*Exercise brief*
How many lines in the entries below contain the word "CityJSON"? Answer with the number and nothing else.

◇ ◇ ◇ ◇ ◇ ◇ ◇

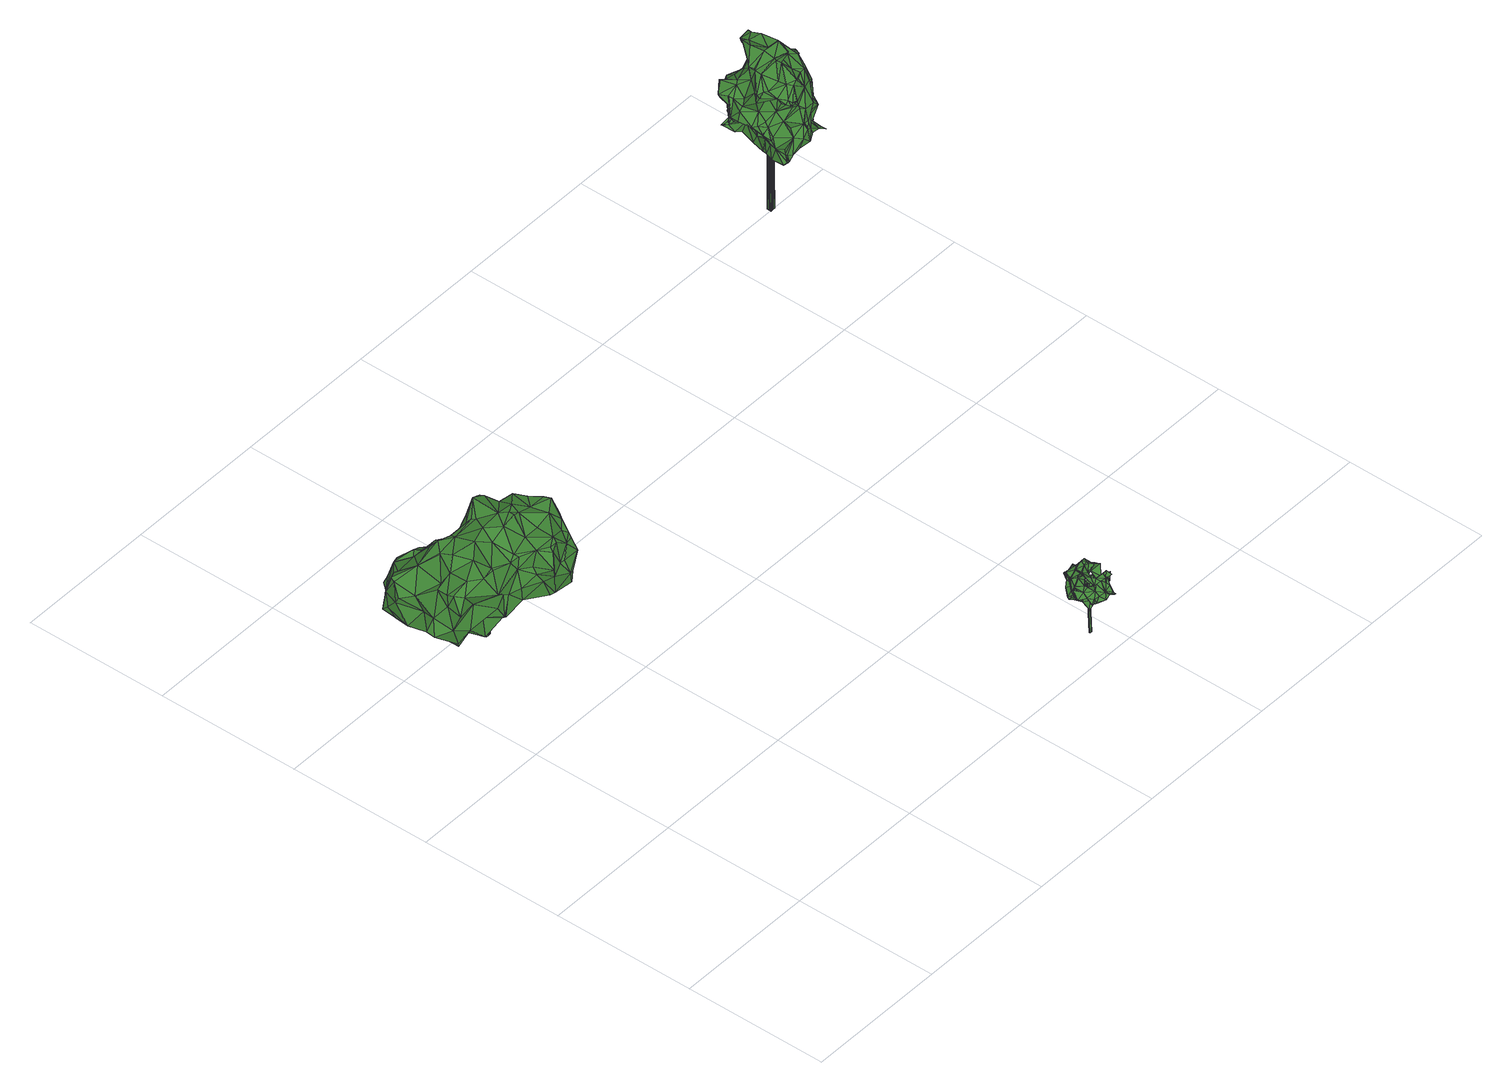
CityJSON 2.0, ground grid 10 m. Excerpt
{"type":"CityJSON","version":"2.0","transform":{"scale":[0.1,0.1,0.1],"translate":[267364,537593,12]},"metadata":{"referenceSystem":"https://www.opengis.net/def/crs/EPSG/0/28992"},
"CityObjects":{
"tree1":{"type":"SolitaryVegetationObject","attributes":{"gtid":405,"crown_width_m":9.59,"crown_median_z":17.71,"crown_r50_m":0.314,"crown_porosity":0.905,"trunk_H_m":4.71,"trunk_DBH_m":0.356,"trunk_radius_m":0.178,"trunk_base_height_m":13,"original_gtid":"406"},"geometry":[{"type":"Solid","lod":"3","boundaries":[[[[0,1,2]],[[3,4,5]],[[6,7,8]],[[9,10,11]],[[12,11,10]],[[13,14,15]],[[14,13,16]],[[17,18,19]],[[20,21,22]],[[23,24,25]],[[26,4,3]],[[27,28,29]],[[30,31,32]],[[30,32,33]],[[34,35,36]],[[37,38,39]],[[40,41,42]],[[43,44,45]],[[46,47,48]],[[49,50,51]],[[52,53,54]],[[55,56,13]],[[25,24,54]],[[49,9,40]],[[57,58,59]],[[60,61,62]],[[63,64,65]],[[66,67,68]],[[69,70,71]],[[46,72,73]],[[56,55,74]],[[75,76,77]],[[78,79,80]],[[81,78,80]],[[82,64,63]],[[83,84,64]],[[35,85,86]],[[87,88,89]],[[90,88,87]],[[51,10,9]],[[91,92,93]],[[94,48,81]],[[59,95,96]],[[97,98,28]],[[99,50,100]],[[101,76,99]],[[102,76,101]],[[2,103,104]],[[96,79,59]],[[12,10,51]],[[77,105,75]],[[106,107,108]],[[66,109,67]],[[100,110,99]],[[101,99,110]],[[99,76,75]],[[91,111,112]],[[61,67,109]],[[84,113,114]],[[115,114,113]],[[33,116,117]],[[25,13,56]],[[118,119,120]],[[121,122,27]],[[11,41,9]],[[123,41,11]],[[124,125,45]],[[126,127,128]],[[112,129,130]],[[13,25,53]],[[29,119,121]],[[131,46,48]],[[131,72,46]],[[132,133,134]],[[1,33,117]],[[1,37,33]],[[104,103,102]],[[135,136,111]],[[137,29,138]],[[83,139,113]],[[24,40,42]],[[23,40,24]],[[83,140,139]],[[83,82,140]],[[138,29,141]],[[142,143,134]],[[69,144,120]],[[125,120,144]],[[51,9,49]],[[145,146,99]],[[147,148,149]],[[123,150,62]],[[67,151,152]],[[86,153,154]],[[51,155,12]],[[51,50,155]],[[107,106,156]],[[157,158,44]],[[124,44,158]],[[128,124,158]],[[159,160,161]],[[53,16,13]],[[67,162,78]],[[152,162,67]],[[22,163,30]],[[31,30,163]],[[143,153,164]],[[156,165,107]],[[166,26,160]],[[49,167,50]],[[100,50,167]],[[12,155,140]],[[124,168,125]],[[84,83,113]],[[124,45,44]],[[37,39,33]],[[12,150,11]],[[60,150,12]],[[101,110,169]],[[101,169,102]],[[128,158,126]],[[87,170,157]],[[171,128,172]],[[172,128,127]],[[124,128,171]],[[158,170,126]],[[102,103,173]],[[102,173,76]],[[52,109,66]],[[124,171,8]],[[52,68,53]],[[174,137,120]],[[158,157,170]],[[157,44,87]],[[44,43,87]],[[127,175,176]],[[177,85,34]],[[114,178,84]],[[142,133,43]],[[142,134,133]],[[124,8,7]],[[136,169,167]],[[110,167,169]],[[57,160,26]],[[100,167,110]],[[18,38,37]],[[22,179,20]],[[64,180,181]],[[53,25,54]],[[182,183,180]],[[22,39,179]],[[30,39,22]],[[120,119,174]],[[142,43,45]],[[140,82,60]],[[140,60,12]],[[34,85,35]],[[109,62,61]],[[108,107,122]],[[11,150,123]],[[93,135,111]],[[93,111,91]],[[1,184,35]],[[148,185,55]],[[148,177,34]],[[73,177,148]],[[77,31,105]],[[109,52,54]],[[143,164,186]],[[118,187,188]],[[66,68,52]],[[9,41,40]],[[180,64,189]],[[171,172,8]],[[172,6,8]],[[37,190,18]],[[191,58,3]],[[178,192,193]],[[156,194,165]],[[168,120,125]],[[195,191,89]],[[118,120,187]],[[168,187,120]],[[135,169,136]],[[135,102,169]],[[165,26,166]],[[91,147,92]],[[196,92,147]],[[30,33,39]],[[69,120,70]],[[191,95,58]],[[85,153,86]],[[0,184,1]],[[73,164,177]],[[72,164,73]],[[26,3,58]],[[15,197,55]],[[107,165,198]],[[107,198,199]],[[46,73,14]],[[0,2,196]],[[72,200,132]],[[106,108,201]],[[159,183,182]],[[68,16,53]],[[202,16,68]],[[199,98,97]],[[115,113,203]],[[114,163,22]],[[18,138,38]],[[199,122,107]],[[1,35,190]],[[1,190,37]],[[27,122,97]],[[28,204,141]],[[121,27,29]],[[161,160,57]],[[161,57,59]],[[196,104,92]],[[93,92,104]],[[0,149,36]],[[196,149,0]],[[124,7,187]],[[124,187,168]],[[188,187,7]],[[120,137,17]],[[205,165,206]],[[18,137,138]],[[17,137,18]],[[60,82,63]],[[87,89,170]],[[126,89,127]],[[170,89,126]],[[68,67,202]],[[111,129,112]],[[114,115,31]],[[203,31,115]],[[83,64,82]],[[40,23,207]],[[131,48,208]],[[15,55,13]],[[55,197,148]],[[192,21,198]],[[151,61,65]],[[2,104,196]],[[165,194,26]],[[78,81,209]],[[210,156,106]],[[143,186,72]],[[72,134,143]],[[127,191,3]],[[121,119,118]],[[207,130,40]],[[121,118,108]],[[199,97,122]],[[151,161,152]],[[71,153,143]],[[135,104,102]],[[40,130,49]],[[211,35,86]],[[33,32,116]],[[1,117,2]],[[85,164,153]],[[177,164,85]],[[64,181,65]],[[93,104,135]],[[3,175,127]],[[5,175,3]],[[140,155,139]],[[139,105,203]],[[50,99,146]],[[50,146,155]],[[94,81,79]],[[81,80,79]],[[151,67,61]],[[155,146,145]],[[152,161,59]],[[206,166,182]],[[206,165,166]],[[189,182,180]],[[209,81,14]],[[14,16,202]],[[29,174,119]],[[108,122,121]],[[38,179,39]],[[22,21,114]],[[134,72,132]],[[117,116,103]],[[117,103,2]],[[103,116,32]],[[209,14,202]],[[198,21,98]],[[198,98,199]],[[89,191,127]],[[205,193,192]],[[105,31,203]],[[211,86,19]],[[76,32,31]],[[76,31,77]],[[211,19,18]],[[17,19,154]],[[86,154,19]],[[5,212,210]],[[17,70,120]],[[70,17,154]],[[70,154,71]],[[67,78,209]],[[67,209,202]],[[147,149,196]],[[133,200,208]],[[42,62,109]],[[208,48,94]],[[208,94,90]],[[133,132,200]],[[94,79,96]],[[186,164,72]],[[114,31,163]],[[213,143,142]],[[213,69,143]],[[71,143,69]],[[71,154,153]],[[161,151,183]],[[159,161,183]],[[27,97,28]],[[179,141,204]],[[98,21,204]],[[79,78,162]],[[79,162,59]],[[36,35,184]],[[131,200,72]],[[190,35,211]],[[190,211,18]],[[0,36,184]],[[178,21,192]],[[114,21,178]],[[94,96,88]],[[94,88,90]],[[89,88,96]],[[207,112,130]],[[210,106,214]],[[210,214,6]],[[45,144,69]],[[125,144,45]],[[167,49,130]],[[96,95,89]],[[95,195,89]],[[95,191,195]],[[60,65,61]],[[60,63,65]],[[210,215,156]],[[212,215,210]],[[14,81,47]],[[5,210,6]],[[127,176,172]],[[148,197,73]],[[32,76,173]],[[103,32,173]],[[207,56,74]],[[207,74,112]],[[112,74,91]],[[74,216,91]],[[59,58,95]],[[59,162,152]],[[201,214,106]],[[6,214,201]],[[216,185,91]],[[175,5,6]],[[201,217,6]],[[7,6,217]],[[188,7,217]],[[188,217,118]],[[159,166,160]],[[159,182,166]],[[118,217,108]],[[201,108,217]],[[131,208,200]],[[156,215,194]],[[90,218,208]],[[87,218,90]],[[148,147,185]],[[91,185,147]],[[216,55,185]],[[14,47,46]],[[81,48,47]],[[15,14,197]],[[197,14,73]],[[175,6,176]],[[172,176,6]],[[34,149,148]],[[36,149,34]],[[138,141,38]],[[64,178,189]],[[84,178,64]],[[205,192,198]],[[28,141,29]],[[174,29,137]],[[203,113,139]],[[20,204,21]],[[38,141,179]],[[57,26,58]],[[183,181,180]],[[98,204,28]],[[183,151,65]],[[183,65,181]],[[20,179,204]],[[167,129,136]],[[111,136,129]],[[130,129,167]],[[178,193,189]],[[133,218,43]],[[208,218,133]],[[87,43,218]],[[139,155,145]],[[216,74,55]],[[105,139,145]],[[145,75,105]],[[145,99,75]],[[62,150,60]],[[215,4,194]],[[198,165,205]],[[56,23,25]],[[56,207,23]],[[205,206,193]],[[182,189,193]],[[182,193,206]],[[194,4,26]],[[42,109,54]],[[45,219,142]],[[42,54,24]],[[45,69,219]],[[142,219,213]],[[213,219,69]],[[5,215,212]],[[123,62,41]],[[42,41,62]],[[215,5,4]],[[220,221,222]],[[220,222,223]],[[223,222,224]],[[223,224,225]],[[222,221,226]],[[222,226,224]],[[226,221,227]],[[226,227,224]],[[224,227,228]],[[224,228,225]],[[228,227,229]],[[228,229,225]],[[227,221,230]],[[227,230,229]],[[229,230,231]],[[229,231,225]],[[230,221,232]],[[230,232,231]],[[231,232,233]],[[231,233,225]],[[232,221,234]],[[232,234,233]],[[233,234,235]],[[233,235,225]],[[234,221,236]],[[234,236,235]],[[235,236,237]],[[235,237,225]],[[236,221,238]],[[236,238,237]],[[238,221,239]],[[238,239,237]],[[237,239,240]],[[237,240,225]],[[239,221,241]],[[239,241,240]],[[240,241,242]],[[240,242,225]],[[241,221,243]],[[241,243,242]],[[242,243,244]],[[242,244,225]],[[243,221,220]],[[243,220,244]],[[244,220,223]],[[244,223,225]]]]}]},
"tree2":{"type":"SolitaryVegetationObject","attributes":{"gtid":562,"crown_width_m":2.85,"crown_median_z":17.02,"crown_r50_m":0.198,"crown_porosity":0.952,"trunk_H_m":3.86,"trunk_DBH_m":0.0814,"trunk_radius_m":0.0407,"trunk_base_height_m":13.16,"original_gtid":"564"},"geometry":[{"type":"MultiSurface","lod":"3","boundaries":[[[245,246,247]],[[248,249,250]],[[251,252,253]],[[254,255,256]],[[254,256,257]],[[258,259,260]],[[258,260,261]],[[262,263,264]],[[265,264,263]],[[266,263,267]],[[268,269,270]],[[271,272,273]],[[274,275,276]],[[277,278,279]],[[277,279,280]],[[269,281,282]],[[268,281,269]],[[283,284,285]],[[260,286,287]],[[288,289,290]],[[251,291,252]],[[292,293,294]],[[292,294,295]],[[296,297,298]],[[299,283,285]],[[300,301,302]],[[303,304,247]],[[305,306,307]],[[308,297,309]],[[310,279,278]],[[252,291,311]],[[294,312,313]],[[251,274,314]],[[249,315,262]],[[291,314,316]],[[317,318,319]],[[286,261,320]],[[285,261,286]],[[247,259,245]],[[320,287,286]],[[269,282,321]],[[269,321,310]],[[322,323,318]],[[324,262,315]],[[325,326,327]],[[328,302,301]],[[300,329,301]],[[330,312,294]],[[324,315,319]],[[278,269,310]],[[331,332,266]],[[333,334,335]],[[265,306,262]],[[306,249,262]],[[260,336,337]],[[290,245,288]],[[338,339,340]],[[341,342,343]],[[344,343,342]],[[273,345,272]],[[272,345,270]],[[273,332,345]],[[271,273,346]],[[255,347,273]],[[348,343,349]],[[301,350,339]],[[351,346,273]],[[352,353,333]],[[288,245,258]],[[245,259,258]],[[354,355,342]],[[308,300,297]],[[267,356,304]],[[357,358,250]],[[344,277,349]],[[252,311,253]],[[305,359,251]],[[253,360,361]],[[246,335,353]],[[362,360,307]],[[306,363,307]],[[298,279,342]],[[304,364,335]],[[330,359,357]],[[310,280,279]],[[347,332,273]],[[342,349,354]],[[357,250,365]],[[357,365,330]],[[270,273,272]],[[251,253,305]],[[329,300,308]],[[337,324,319]],[[366,321,282]],[[367,309,366]],[[325,327,350]],[[246,353,364]],[[341,343,361]],[[368,341,361]],[[254,362,347]],[[286,369,318]],[[291,370,311]],[[353,352,351]],[[346,351,352]],[[371,372,373]],[[277,355,354]],[[277,280,355]],[[333,335,290]],[[347,374,332]],[[312,330,314]],[[365,314,330]],[[308,297,375]],[[308,375,288]],[[357,371,358]],[[367,268,270]],[[376,322,325]],[[360,377,257]],[[378,283,323]],[[246,364,304]],[[316,313,312]],[[316,312,291]],[[349,343,344]],[[296,298,321]],[[322,318,325]],[[379,278,344]],[[335,334,304]],[[270,269,368]],[[270,368,273]],[[368,255,273]],[[327,339,350]],[[342,279,379]],[[340,339,327]],[[304,356,380]],[[347,255,332]],[[291,314,370]],[[312,314,291]],[[370,314,365]],[[337,336,259]],[[263,266,363]],[[304,331,267]],[[352,333,272]],[[338,340,276]],[[316,293,292]],[[316,274,293]],[[361,307,253]],[[274,381,293]],[[344,278,277]],[[298,382,342]],[[246,304,383]],[[263,384,306]],[[319,315,248]],[[316,314,274]],[[348,342,382]],[[276,342,275]],[[307,361,362]],[[288,258,308]],[[360,253,307]],[[305,382,359]],[[382,385,359]],[[313,316,295]],[[313,295,294]],[[275,386,350]],[[255,387,256]],[[354,349,277]],[[379,269,278]],[[262,324,337]],[[328,301,388]],[[276,275,350]],[[342,354,276]],[[290,334,333]],[[329,350,301]],[[305,370,389]],[[305,389,306]],[[250,306,389]],[[390,245,303]],[[390,259,245]],[[347,362,374]],[[261,285,258]],[[304,334,331]],[[267,263,356]],[[303,383,304]],[[260,391,369]],[[342,348,349]],[[266,374,363]],[[319,248,317]],[[310,392,355]],[[388,339,328]],[[328,339,338]],[[348,362,361]],[[274,322,275]],[[274,330,322]],[[361,257,368]],[[360,257,361]],[[301,339,388]],[[289,386,373]],[[289,373,372]],[[251,314,291]],[[250,249,306]],[[331,266,267]],[[322,326,323]],[[303,304,380]],[[310,355,280]],[[393,289,382]],[[298,393,382]],[[302,328,338]],[[276,302,338]],[[307,374,362]],[[372,382,289]],[[382,393,348]],[[362,348,393]],[[350,302,276]],[[379,368,269]],[[341,368,379]],[[350,300,302]],[[344,342,379]],[[258,285,375]],[[247,246,383]],[[305,253,311]],[[375,350,386]],[[367,297,309]],[[298,297,367]],[[386,289,288]],[[387,368,257]],[[255,368,387]],[[367,345,298]],[[345,367,270]],[[393,298,345]],[[348,361,343]],[[390,303,380]],[[390,380,262]],[[367,281,268]],[[362,377,360]],[[307,393,382]],[[362,393,307]],[[293,381,394]],[[394,322,293]],[[378,323,326]],[[299,323,283]],[[340,327,326]],[[258,375,308]],[[298,341,379]],[[384,363,306]],[[387,257,256]],[[265,263,306]],[[341,298,342]],[[271,346,272]],[[371,357,359]],[[371,359,385]],[[303,247,383]],[[297,296,309]],[[366,296,321]],[[248,315,249]],[[262,337,390]],[[259,390,337]],[[273,272,351]],[[346,352,272]],[[331,345,332]],[[270,367,272]],[[272,333,351]],[[333,335,351]],[[260,319,391]],[[260,337,319]],[[285,284,325]],[[289,334,290]],[[393,334,289]],[[334,345,331]],[[393,345,334]],[[371,373,386]],[[309,296,366]],[[282,281,366]],[[366,281,367]],[[305,311,370]],[[254,377,362]],[[257,377,254]],[[305,307,382]],[[374,395,363]],[[322,376,386]],[[371,386,376]],[[359,274,251]],[[316,292,295]],[[376,317,371]],[[283,378,284]],[[376,318,317]],[[376,325,318]],[[321,392,310]],[[353,335,333]],[[378,325,284]],[[378,326,325]],[[375,285,329]],[[248,250,358]],[[248,358,317]],[[317,358,371]],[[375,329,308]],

◇ ◇ ◇ ◇ ◇ ◇ ◇

*Reply to the task*
2